Problem requirements - Copy each line from the records below in which the word "edges" is found.

■ ■ ■ ■ ■

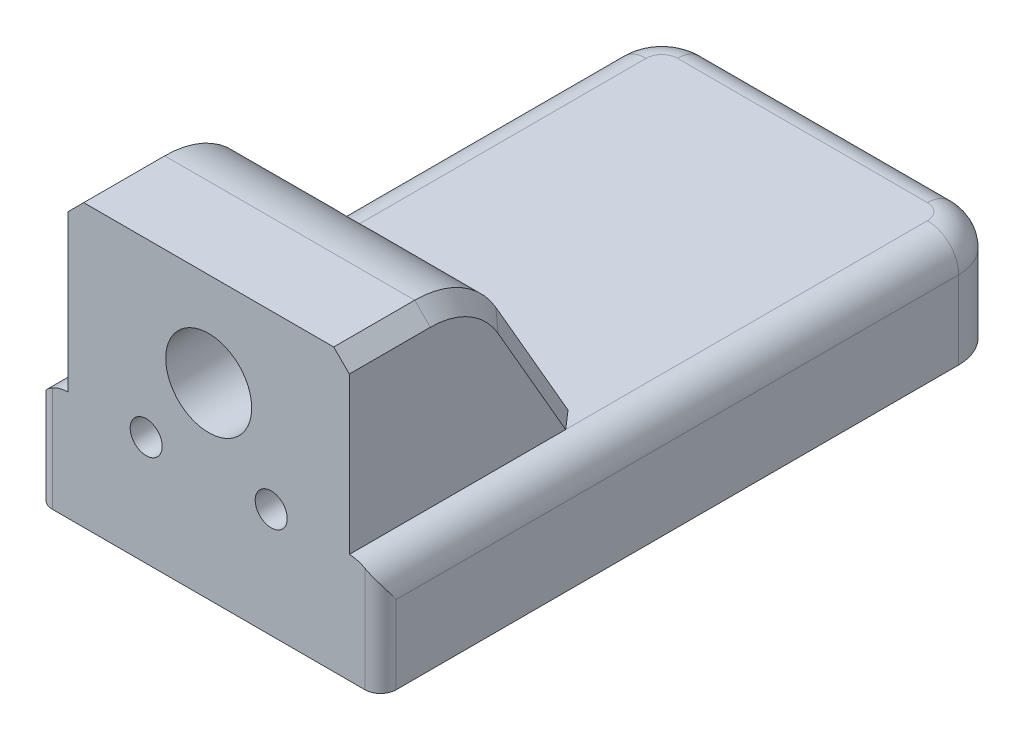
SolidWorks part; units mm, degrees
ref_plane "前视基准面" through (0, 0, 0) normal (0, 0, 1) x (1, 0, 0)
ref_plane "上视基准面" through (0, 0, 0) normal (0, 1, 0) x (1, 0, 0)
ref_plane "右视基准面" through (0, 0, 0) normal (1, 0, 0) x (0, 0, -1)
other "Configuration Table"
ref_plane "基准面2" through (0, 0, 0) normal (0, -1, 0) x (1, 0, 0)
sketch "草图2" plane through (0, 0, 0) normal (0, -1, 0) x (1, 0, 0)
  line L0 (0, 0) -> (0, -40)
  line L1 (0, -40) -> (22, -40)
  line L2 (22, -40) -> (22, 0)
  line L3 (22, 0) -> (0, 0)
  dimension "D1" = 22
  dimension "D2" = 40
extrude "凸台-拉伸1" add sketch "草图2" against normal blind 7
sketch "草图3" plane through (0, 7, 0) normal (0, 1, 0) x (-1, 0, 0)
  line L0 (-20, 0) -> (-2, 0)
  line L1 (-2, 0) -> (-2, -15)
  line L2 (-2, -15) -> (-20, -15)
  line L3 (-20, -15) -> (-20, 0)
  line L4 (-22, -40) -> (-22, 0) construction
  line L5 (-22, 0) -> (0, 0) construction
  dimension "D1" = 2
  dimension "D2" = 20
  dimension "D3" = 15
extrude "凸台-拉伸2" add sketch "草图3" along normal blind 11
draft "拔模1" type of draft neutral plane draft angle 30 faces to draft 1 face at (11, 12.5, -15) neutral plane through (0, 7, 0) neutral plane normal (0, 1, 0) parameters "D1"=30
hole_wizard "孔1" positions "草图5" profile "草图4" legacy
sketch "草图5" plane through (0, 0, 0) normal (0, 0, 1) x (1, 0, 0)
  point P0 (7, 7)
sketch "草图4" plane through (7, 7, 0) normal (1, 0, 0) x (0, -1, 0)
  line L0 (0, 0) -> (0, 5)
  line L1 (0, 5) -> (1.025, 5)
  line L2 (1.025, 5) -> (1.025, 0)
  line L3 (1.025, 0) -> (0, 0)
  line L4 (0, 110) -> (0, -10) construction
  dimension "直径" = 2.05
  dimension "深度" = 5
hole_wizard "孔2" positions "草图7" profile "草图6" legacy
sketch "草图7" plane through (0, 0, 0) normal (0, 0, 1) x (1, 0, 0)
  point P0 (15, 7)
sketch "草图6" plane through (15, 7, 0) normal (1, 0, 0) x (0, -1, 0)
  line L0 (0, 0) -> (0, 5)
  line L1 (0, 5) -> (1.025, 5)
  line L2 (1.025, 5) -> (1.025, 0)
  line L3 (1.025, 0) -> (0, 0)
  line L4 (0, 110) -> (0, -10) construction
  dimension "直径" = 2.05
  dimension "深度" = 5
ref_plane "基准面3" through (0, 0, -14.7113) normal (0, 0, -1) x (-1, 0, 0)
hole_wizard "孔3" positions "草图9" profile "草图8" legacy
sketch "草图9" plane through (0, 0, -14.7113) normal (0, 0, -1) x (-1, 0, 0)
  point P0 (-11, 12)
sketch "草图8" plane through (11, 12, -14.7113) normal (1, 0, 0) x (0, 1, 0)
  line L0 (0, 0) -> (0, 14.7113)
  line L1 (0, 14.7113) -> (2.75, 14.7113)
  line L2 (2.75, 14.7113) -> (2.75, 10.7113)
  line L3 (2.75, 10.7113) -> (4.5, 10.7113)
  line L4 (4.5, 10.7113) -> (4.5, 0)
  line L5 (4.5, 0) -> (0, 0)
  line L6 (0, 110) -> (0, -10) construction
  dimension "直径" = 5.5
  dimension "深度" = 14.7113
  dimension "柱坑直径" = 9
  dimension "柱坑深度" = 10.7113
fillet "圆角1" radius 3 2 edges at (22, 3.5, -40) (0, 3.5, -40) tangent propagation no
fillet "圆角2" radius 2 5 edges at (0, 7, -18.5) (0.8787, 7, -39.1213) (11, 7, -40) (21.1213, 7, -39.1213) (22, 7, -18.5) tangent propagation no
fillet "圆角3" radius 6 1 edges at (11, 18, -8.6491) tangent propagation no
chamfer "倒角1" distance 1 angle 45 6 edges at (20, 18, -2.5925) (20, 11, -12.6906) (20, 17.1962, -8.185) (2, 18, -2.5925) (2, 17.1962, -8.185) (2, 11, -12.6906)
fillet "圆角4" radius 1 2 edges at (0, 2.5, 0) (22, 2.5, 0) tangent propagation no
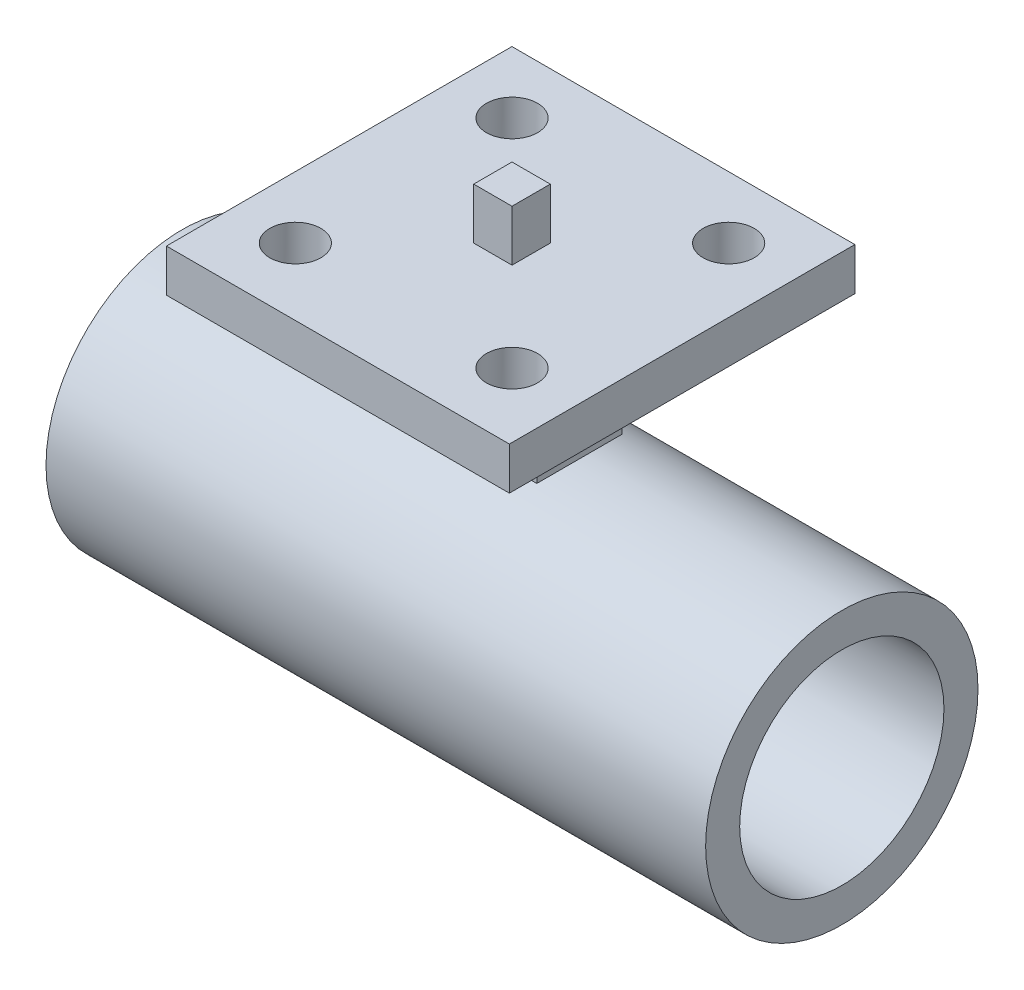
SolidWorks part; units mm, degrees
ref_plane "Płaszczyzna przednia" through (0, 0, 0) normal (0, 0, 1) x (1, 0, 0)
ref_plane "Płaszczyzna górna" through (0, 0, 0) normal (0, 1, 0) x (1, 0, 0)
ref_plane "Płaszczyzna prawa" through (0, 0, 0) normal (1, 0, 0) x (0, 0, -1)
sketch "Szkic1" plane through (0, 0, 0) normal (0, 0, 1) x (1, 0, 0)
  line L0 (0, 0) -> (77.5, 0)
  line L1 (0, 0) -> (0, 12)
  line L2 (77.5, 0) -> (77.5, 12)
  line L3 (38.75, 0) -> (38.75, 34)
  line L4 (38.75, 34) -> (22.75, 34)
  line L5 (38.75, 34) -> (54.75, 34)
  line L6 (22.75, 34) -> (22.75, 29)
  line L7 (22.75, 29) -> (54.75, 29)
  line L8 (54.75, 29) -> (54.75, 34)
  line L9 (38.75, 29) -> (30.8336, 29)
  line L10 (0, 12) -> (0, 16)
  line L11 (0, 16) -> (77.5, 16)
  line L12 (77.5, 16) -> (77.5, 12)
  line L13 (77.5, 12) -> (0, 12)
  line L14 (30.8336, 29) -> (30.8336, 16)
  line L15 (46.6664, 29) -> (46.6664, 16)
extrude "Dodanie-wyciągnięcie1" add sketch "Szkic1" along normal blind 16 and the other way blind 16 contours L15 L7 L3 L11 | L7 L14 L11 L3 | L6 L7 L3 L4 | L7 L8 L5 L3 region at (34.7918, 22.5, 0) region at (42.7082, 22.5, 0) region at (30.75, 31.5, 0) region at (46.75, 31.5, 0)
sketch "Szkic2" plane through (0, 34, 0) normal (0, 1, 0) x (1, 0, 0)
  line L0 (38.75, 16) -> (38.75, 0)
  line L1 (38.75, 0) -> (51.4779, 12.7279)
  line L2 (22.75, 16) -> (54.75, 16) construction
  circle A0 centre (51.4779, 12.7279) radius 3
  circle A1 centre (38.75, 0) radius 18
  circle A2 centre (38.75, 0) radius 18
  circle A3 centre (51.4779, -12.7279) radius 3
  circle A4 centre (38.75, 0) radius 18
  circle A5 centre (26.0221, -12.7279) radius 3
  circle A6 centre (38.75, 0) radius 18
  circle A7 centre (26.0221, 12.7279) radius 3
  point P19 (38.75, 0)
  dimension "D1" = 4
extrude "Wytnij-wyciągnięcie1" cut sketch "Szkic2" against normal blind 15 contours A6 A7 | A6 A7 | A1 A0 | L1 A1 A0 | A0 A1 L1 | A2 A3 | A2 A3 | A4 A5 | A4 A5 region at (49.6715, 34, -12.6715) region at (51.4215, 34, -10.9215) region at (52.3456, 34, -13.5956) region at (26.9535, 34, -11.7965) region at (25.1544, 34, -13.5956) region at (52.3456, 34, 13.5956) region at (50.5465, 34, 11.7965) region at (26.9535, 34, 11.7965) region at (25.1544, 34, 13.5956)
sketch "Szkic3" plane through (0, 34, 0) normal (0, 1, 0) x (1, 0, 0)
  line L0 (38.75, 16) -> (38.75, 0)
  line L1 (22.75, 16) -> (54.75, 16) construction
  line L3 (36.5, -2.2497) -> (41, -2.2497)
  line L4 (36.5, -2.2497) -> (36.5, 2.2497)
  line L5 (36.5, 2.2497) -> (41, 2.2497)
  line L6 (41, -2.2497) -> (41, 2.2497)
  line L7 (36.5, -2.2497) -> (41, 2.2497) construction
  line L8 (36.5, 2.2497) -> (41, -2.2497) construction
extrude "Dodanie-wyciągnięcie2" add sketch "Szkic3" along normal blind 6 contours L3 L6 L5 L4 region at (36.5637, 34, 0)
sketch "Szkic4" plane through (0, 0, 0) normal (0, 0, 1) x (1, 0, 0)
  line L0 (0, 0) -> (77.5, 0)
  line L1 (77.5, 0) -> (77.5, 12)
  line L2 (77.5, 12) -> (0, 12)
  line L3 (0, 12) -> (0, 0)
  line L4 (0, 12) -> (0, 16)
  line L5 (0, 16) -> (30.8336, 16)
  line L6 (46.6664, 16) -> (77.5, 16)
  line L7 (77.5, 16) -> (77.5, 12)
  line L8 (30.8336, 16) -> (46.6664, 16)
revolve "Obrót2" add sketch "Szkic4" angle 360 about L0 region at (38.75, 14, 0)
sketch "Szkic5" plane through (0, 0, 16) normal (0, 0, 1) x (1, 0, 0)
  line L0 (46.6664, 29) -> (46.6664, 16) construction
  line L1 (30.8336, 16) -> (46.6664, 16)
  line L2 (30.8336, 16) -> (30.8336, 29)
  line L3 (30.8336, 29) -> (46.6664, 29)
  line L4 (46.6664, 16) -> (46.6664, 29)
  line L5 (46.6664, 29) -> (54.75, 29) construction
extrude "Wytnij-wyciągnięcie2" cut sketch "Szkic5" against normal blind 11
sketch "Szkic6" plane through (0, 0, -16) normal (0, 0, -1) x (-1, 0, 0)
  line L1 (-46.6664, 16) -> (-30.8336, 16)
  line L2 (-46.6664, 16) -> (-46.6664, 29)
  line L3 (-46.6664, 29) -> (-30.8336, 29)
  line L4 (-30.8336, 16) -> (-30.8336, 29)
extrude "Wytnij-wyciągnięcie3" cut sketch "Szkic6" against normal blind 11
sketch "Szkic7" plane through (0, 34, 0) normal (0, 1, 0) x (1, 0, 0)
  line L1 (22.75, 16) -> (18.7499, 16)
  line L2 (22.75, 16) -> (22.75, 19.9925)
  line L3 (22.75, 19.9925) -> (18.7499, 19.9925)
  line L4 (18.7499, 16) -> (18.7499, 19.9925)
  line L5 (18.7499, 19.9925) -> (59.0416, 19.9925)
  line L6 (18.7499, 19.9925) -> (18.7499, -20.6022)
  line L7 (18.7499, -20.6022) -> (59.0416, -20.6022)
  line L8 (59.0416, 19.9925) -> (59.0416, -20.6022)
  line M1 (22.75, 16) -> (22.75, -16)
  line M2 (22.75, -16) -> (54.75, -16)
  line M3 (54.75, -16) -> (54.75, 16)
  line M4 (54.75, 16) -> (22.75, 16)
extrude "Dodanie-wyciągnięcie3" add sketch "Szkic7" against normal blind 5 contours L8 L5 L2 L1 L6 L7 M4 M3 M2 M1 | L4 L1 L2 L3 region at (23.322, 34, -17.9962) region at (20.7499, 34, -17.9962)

■ ■ ■ ■ ■

Solution below -
fillet "圆角1" radius 3 2 edges at (22, 3.5, -40) (0, 3.5, -40) tangent propagation no
fillet "圆角2" radius 2 5 edges at (0, 7, -18.5) (0.8787, 7, -39.1213) (11, 7, -40) (21.1213, 7, -39.1213) (22, 7, -18.5) tangent propagation no
fillet "圆角3" radius 6 1 edges at (11, 18, -8.6491) tangent propagation no
chamfer "倒角1" distance 1 angle 45 6 edges at (20, 18, -2.5925) (20, 11, -12.6906) (20, 17.1962, -8.185) (2, 18, -2.5925) (2, 17.1962, -8.185) (2, 11, -12.6906)
fillet "圆角4" radius 1 2 edges at (0, 2.5, 0) (22, 2.5, 0) tangent propagation no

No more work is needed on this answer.